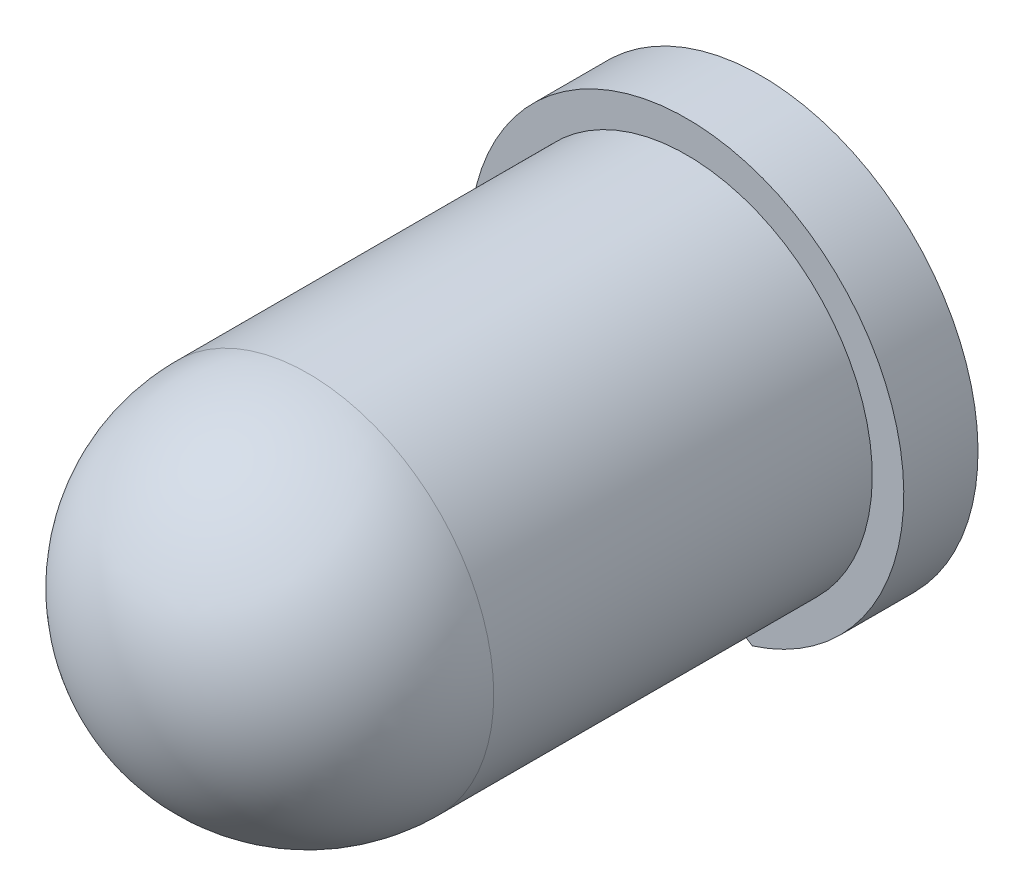
ISO-10303-21;
HEADER;
FILE_DESCRIPTION(('STEP AP214'),'2;1');
FILE_NAME('part.step','',(''),(''),'','','');
FILE_SCHEMA(('AUTOMOTIVE_DESIGN { 1 0 10303 214 1 1 1 1 }'));
ENDSEC;
DATA;
#1=APPLICATION_CONTEXT('core data for automotive mechanical design processes');
#2=APPLICATION_PROTOCOL_DEFINITION('international standard','automotive_design',2000,#1);
#3=PRODUCT_CONTEXT('',#1,'mechanical');
#4=PRODUCT('Part','Part','',(#3));
#5=PRODUCT_RELATED_PRODUCT_CATEGORY('part','',(#4));
#6=PRODUCT_DEFINITION_FORMATION('','',#4);
#7=PRODUCT_DEFINITION_CONTEXT('part definition',#1,'design');
#8=PRODUCT_DEFINITION('design','',#6,#7);
#9=PRODUCT_DEFINITION_SHAPE('','',#8);
#10=(LENGTH_UNIT() NAMED_UNIT(*) SI_UNIT(.MILLI.,.METRE.));
#11=(NAMED_UNIT(*) PLANE_ANGLE_UNIT() SI_UNIT($,.RADIAN.));
#12=(NAMED_UNIT(*) SI_UNIT($,.STERADIAN.) SOLID_ANGLE_UNIT());
#13=UNCERTAINTY_MEASURE_WITH_UNIT(LENGTH_MEASURE(1.E-05),#10,'distance_accuracy_value','');
#14=(GEOMETRIC_REPRESENTATION_CONTEXT(3) GLOBAL_UNCERTAINTY_ASSIGNED_CONTEXT((#13)) GLOBAL_UNIT_ASSIGNED_CONTEXT((#10,
#11,#12)) REPRESENTATION_CONTEXT('',''));
#15=CARTESIAN_POINT('',(0.,0.,0.));
#16=DIRECTION('',(0.,0.,1.));
#17=DIRECTION('',(1.,0.,0.));
#18=AXIS2_PLACEMENT_3D('',#15,#16,#17);
#19=CARTESIAN_POINT('',(0.,0.,5.1));
#20=DIRECTION('',(0.,0.,-1.));
#21=DIRECTION('',(-1.,0.,0.));
#22=AXIS2_PLACEMENT_3D('',#19,#20,#21);
#23=CYLINDRICAL_SURFACE('',#22,2.5);
#24=CARTESIAN_POINT('',(0.,0.,5.1));
#25=DIRECTION('',(0.,0.,1.));
#26=DIRECTION('',(1.,0.,0.));
#27=AXIS2_PLACEMENT_3D('',#24,#25,#26);
#28=CIRCLE('',#27,2.5);
#29=CARTESIAN_POINT('',(2.5,0.,5.1));
#30=VERTEX_POINT('',#29);
#31=EDGE_CURVE('E42',#30,#30,#28,.T.);
#32=ORIENTED_EDGE('',*,*,#31,.F.);
#33=EDGE_LOOP('',(#32));
#34=FACE_BOUND('',#33,.T.);
#35=CARTESIAN_POINT('',(0.,0.,0.));
#36=DIRECTION('',(0.,0.,-1.));
#37=DIRECTION('',(-1.,0.,0.));
#38=AXIS2_PLACEMENT_3D('',#35,#36,#37);
#39=CIRCLE('',#38,2.5);
#40=CARTESIAN_POINT('',(0.,-2.5,0.));
#41=VERTEX_POINT('',#40);
#42=EDGE_CURVE('E164',#41,#41,#39,.T.);
#43=ORIENTED_EDGE('',*,*,#42,.F.);
#44=EDGE_LOOP('',(#43));
#45=FACE_BOUND('',#44,.T.);
#46=ADVANCED_FACE('F35',(#34,#45),#23,.T.);
#47=CARTESIAN_POINT('',(0.,0.,5.1));
#48=DIRECTION('',(-1.,0.,0.));
#49=DIRECTION('',(0.,1.,0.));
#50=AXIS2_PLACEMENT_3D('',#47,#48,#49);
#51=SPHERICAL_SURFACE('',#50,2.5);
#52=CARTESIAN_POINT('',(0.,0.,5.1));
#53=DIRECTION('',(0.,0.,1.));
#54=DIRECTION('',(1.,0.,0.));
#55=AXIS2_PLACEMENT_3D('',#52,#53,#54);
#56=SPHERICAL_SURFACE('',#55,2.5);
#57=ORIENTED_EDGE('',*,*,#31,.T.);
#58=EDGE_LOOP('',(#57));
#59=FACE_BOUND('',#58,.T.);
#60=ADVANCED_FACE('F182',(#59),#56,.T.);
#61=CARTESIAN_POINT('',(0.,0.,0.));
#62=DIRECTION('',(0.,0.,-1.));
#63=DIRECTION('',(-1.,0.,0.));
#64=AXIS2_PLACEMENT_3D('',#61,#62,#63);
#65=PLANE('',#64);
#66=CARTESIAN_POINT('',(0.,0.,0.));
#67=DIRECTION('',(0.,0.,-1.));
#68=DIRECTION('',(-1.,0.,0.));
#69=AXIS2_PLACEMENT_3D('',#66,#67,#68);
#70=CIRCLE('',#69,2.925);
#71=CARTESIAN_POINT('',(-0.884052223423615,-2.788203125,0.));
#72=VERTEX_POINT('',#71);
#73=CARTESIAN_POINT('',(0.884052223423615,-2.788203125,0.));
#74=VERTEX_POINT('',#73);
#75=EDGE_CURVE('E162',#72,#74,#70,.T.);
#76=ORIENTED_EDGE('',*,*,#75,.F.);
#77=CARTESIAN_POINT('',(0.,-4.,0.));
#78=DIRECTION('',(0.,0.,1.));
#79=DIRECTION('',(1.,0.,0.));
#80=AXIS2_PLACEMENT_3D('',#77,#78,#79);
#81=CIRCLE('',#80,1.5);
#82=EDGE_CURVE('E165',#41,#72,#81,.T.);
#83=ORIENTED_EDGE('',*,*,#82,.F.);
#84=ORIENTED_EDGE('',*,*,#42,.T.);
#85=EDGE_CURVE('E150',#74,#41,#81,.T.);
#86=ORIENTED_EDGE('',*,*,#85,.F.);
#87=EDGE_LOOP('',(#76,#83,#84,#86));
#88=FACE_BOUND('',#87,.T.);
#89=ADVANCED_FACE('F161',(#88),#65,.F.);
#90=CARTESIAN_POINT('',(0.,0.,-1.));
#91=DIRECTION('',(0.,0.,1.));
#92=DIRECTION('',(1.,0.,0.));
#93=AXIS2_PLACEMENT_3D('',#90,#91,#92);
#94=CYLINDRICAL_SURFACE('',#93,2.925);
#95=ORIENTED_EDGE('',*,*,#75,.T.);
#96=DIRECTION('',(0.,0.,1.));
#97=VECTOR('',#96,1.);
#98=CARTESIAN_POINT('',(0.884052223423615,-2.788203125,-1.5));
#99=LINE('',#98,#97);
#100=CARTESIAN_POINT('',(0.884052223423615,-2.788203125,-1.));
#101=VERTEX_POINT('',#100);
#102=EDGE_CURVE('E147',#74,#101,#99,.F.);
#103=ORIENTED_EDGE('',*,*,#102,.T.);
#104=CARTESIAN_POINT('',(0.,0.,-1.));
#105=DIRECTION('',(0.,0.,-1.));
#106=DIRECTION('',(-1.,0.,0.));
#107=AXIS2_PLACEMENT_3D('',#104,#105,#106);
#108=CIRCLE('',#107,2.925);
#109=CARTESIAN_POINT('',(-0.884052223423615,-2.788203125,-1.));
#110=VERTEX_POINT('',#109);
#111=EDGE_CURVE('E168',#110,#101,#108,.T.);
#112=ORIENTED_EDGE('',*,*,#111,.F.);
#113=DIRECTION('',(0.,0.,1.));
#114=VECTOR('',#113,1.);
#115=CARTESIAN_POINT('',(-0.884052223423615,-2.788203125,-1.5));
#116=LINE('',#115,#114);
#117=EDGE_CURVE('E48',#110,#72,#116,.T.);
#118=ORIENTED_EDGE('',*,*,#117,.T.);
#119=EDGE_LOOP('',(#95,#103,#112,#118));
#120=FACE_BOUND('',#119,.T.);
#121=ADVANCED_FACE('F167',(#120),#94,.T.);
#122=CARTESIAN_POINT('',(0.,0.,-1.));
#123=DIRECTION('',(0.,0.,-1.));
#124=DIRECTION('',(-1.,0.,0.));
#125=AXIS2_PLACEMENT_3D('',#122,#123,#124);
#126=PLANE('',#125);
#127=CARTESIAN_POINT('',(0.,-4.,-1.));
#128=DIRECTION('',(0.,0.,-1.));
#129=DIRECTION('',(-1.,0.,0.));
#130=AXIS2_PLACEMENT_3D('',#127,#128,#129);
#131=CIRCLE('',#130,1.5);
#132=EDGE_CURVE('E11',#110,#101,#131,.T.);
#133=ORIENTED_EDGE('',*,*,#132,.F.);
#134=ORIENTED_EDGE('',*,*,#111,.T.);
#135=EDGE_LOOP('',(#133,#134));
#136=FACE_BOUND('',#135,.T.);
#137=ADVANCED_FACE('F220',(#136),#126,.T.);
#138=CARTESIAN_POINT('',(0.,-4.,-3.));
#139=DIRECTION('',(0.,0.,1.));
#140=DIRECTION('',(1.,0.,0.));
#141=AXIS2_PLACEMENT_3D('',#138,#139,#140);
#142=CYLINDRICAL_SURFACE('',#141,1.5);
#143=ORIENTED_EDGE('',*,*,#85,.T.);
#144=ORIENTED_EDGE('',*,*,#82,.T.);
#145=ORIENTED_EDGE('',*,*,#117,.F.);
#146=ORIENTED_EDGE('',*,*,#132,.T.);
#147=ORIENTED_EDGE('',*,*,#102,.F.);
#148=EDGE_LOOP('',(#143,#144,#145,#146,#147));
#149=FACE_BOUND('',#148,.T.);
#150=ADVANCED_FACE('F149',(#149),#142,.F.);
#151=CLOSED_SHELL('',(#46,#60,#89,#121,#137,#150));
#152=DIRECTION('',(1.,0.,0.));
#153=VECTOR('',#152,1.);
#154=CARTESIAN_POINT('',(-0.3,-0.78005245739339,0.));
#155=LINE('',#154,#153);
#156=CARTESIAN_POINT('',(-0.3,-0.78005245739339,0.));
#157=VERTEX_POINT('',#156);
#158=CARTESIAN_POINT('',(0.3,-0.78005245739339,0.));
#159=VERTEX_POINT('',#158);
#160=EDGE_CURVE('E520',#157,#159,#155,.T.);
#161=ORIENTED_EDGE('',*,*,#160,.F.);
#162=DIRECTION('',(0.,1.,0.));
#163=VECTOR('',#162,1.);
#164=CARTESIAN_POINT('',(-0.3,-0.283315720383518,0.));
#165=LINE('',#164,#163);
#166=CARTESIAN_POINT('',(-0.3,-0.283315720383518,0.));
#167=VERTEX_POINT('',#166);
#168=EDGE_CURVE('E56',#157,#167,#165,.T.);
#169=ORIENTED_EDGE('',*,*,#168,.T.);
#170=DIRECTION('',(1.,0.,0.));
#171=VECTOR('',#170,1.);
#172=CARTESIAN_POINT('',(-0.3,-0.283315720383518,0.));
#173=LINE('',#172,#171);
#174=CARTESIAN_POINT('',(0.3,-0.283315720383518,0.));
#175=VERTEX_POINT('',#174);
#176=EDGE_CURVE('E518',#167,#175,#173,.T.);
#177=ORIENTED_EDGE('',*,*,#176,.T.);
#178=DIRECTION('',(0.,1.,0.));
#179=VECTOR('',#178,1.);
#180=CARTESIAN_POINT('',(0.3,-0.283315720383518,0.));
#181=LINE('',#180,#179);
#182=EDGE_CURVE('E467',#159,#175,#181,.T.);
#183=ORIENTED_EDGE('',*,*,#182,.F.);
#184=EDGE_LOOP('',(#161,#169,#177,#183));
#185=FACE_BOUND('',#184,.T.);
#186=CARTESIAN_POINT('',(0.,0.,0.));
#187=DIRECTION('',(0.,0.,1.));
#188=DIRECTION('',(1.,0.,0.));
#189=AXIS2_PLACEMENT_3D('',#186,#187,#188);
#190=CIRCLE('',#189,2.);
#191=CARTESIAN_POINT('',(2.,0.,0.));
#192=VERTEX_POINT('',#191);
#193=EDGE_CURVE('E177',#192,#192,#190,.T.);
#194=ORIENTED_EDGE('',*,*,#193,.T.);
#195=EDGE_LOOP('',(#194));
#196=FACE_BOUND('',#195,.T.);
#197=DIRECTION('',(0.,1.,0.));
#198=VECTOR('',#197,1.);
#199=CARTESIAN_POINT('',(-0.3,1.2068944906461,0.));
#200=LINE('',#199,#198);
#201=CARTESIAN_POINT('',(-0.3,0.8978138542844,0.));
#202=VERTEX_POINT('',#201);
#203=CARTESIAN_POINT('',(-0.3,1.2068944906461,0.));
#204=VERTEX_POINT('',#203);
#205=EDGE_CURVE('E540',#202,#204,#200,.T.);
#206=ORIENTED_EDGE('',*,*,#205,.T.);
#207=DIRECTION('',(1.,0.,0.));
#208=VECTOR('',#207,1.);
#209=CARTESIAN_POINT('',(-0.3,1.2068944906461,0.));
#210=LINE('',#209,#208);
#211=CARTESIAN_POINT('',(0.3,1.2068944906461,0.));
#212=VERTEX_POINT('',#211);
#213=EDGE_CURVE('E558',#204,#212,#210,.T.);
#214=ORIENTED_EDGE('',*,*,#213,.T.);
#215=DIRECTION('',(0.,1.,0.));
#216=VECTOR('',#215,1.);
#217=CARTESIAN_POINT('',(0.3,1.2068944906461,0.));
#218=LINE('',#217,#216);
#219=CARTESIAN_POINT('',(0.3,0.8978138542844,0.));
#220=VERTEX_POINT('',#219);
#221=EDGE_CURVE('E509',#220,#212,#218,.T.);
#222=ORIENTED_EDGE('',*,*,#221,.F.);
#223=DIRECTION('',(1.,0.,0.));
_ _ _
*What the task requires*: The response must contain exactly the lines from the one with "#201=CARTESIAN_POINT('',(-0.3,0.8978138542844,0.));" to the end of the entries above, both included, and nothing more.

*Output for this task*:
#201=CARTESIAN_POINT('',(-0.3,0.8978138542844,0.));
#202=VERTEX_POINT('',#201);
#203=CARTESIAN_POINT('',(-0.3,1.2068944906461,0.));
#204=VERTEX_POINT('',#203);
#205=EDGE_CURVE('E540',#202,#204,#200,.T.);
#206=ORIENTED_EDGE('',*,*,#205,.T.);
#207=DIRECTION('',(1.,0.,0.));
#208=VECTOR('',#207,1.);
#209=CARTESIAN_POINT('',(-0.3,1.2068944906461,0.));
#210=LINE('',#209,#208);
#211=CARTESIAN_POINT('',(0.3,1.2068944906461,0.));
#212=VERTEX_POINT('',#211);
#213=EDGE_CURVE('E558',#204,#212,#210,.T.);
#214=ORIENTED_EDGE('',*,*,#213,.T.);
#215=DIRECTION('',(0.,1.,0.));
#216=VECTOR('',#215,1.);
#217=CARTESIAN_POINT('',(0.3,1.2068944906461,0.));
#218=LINE('',#217,#216);
#219=CARTESIAN_POINT('',(0.3,0.8978138542844,0.));
#220=VERTEX_POINT('',#219);
#221=EDGE_CURVE('E509',#220,#212,#218,.T.);
#222=ORIENTED_EDGE('',*,*,#221,.F.);
#223=DIRECTION('',(1.,0.,0.));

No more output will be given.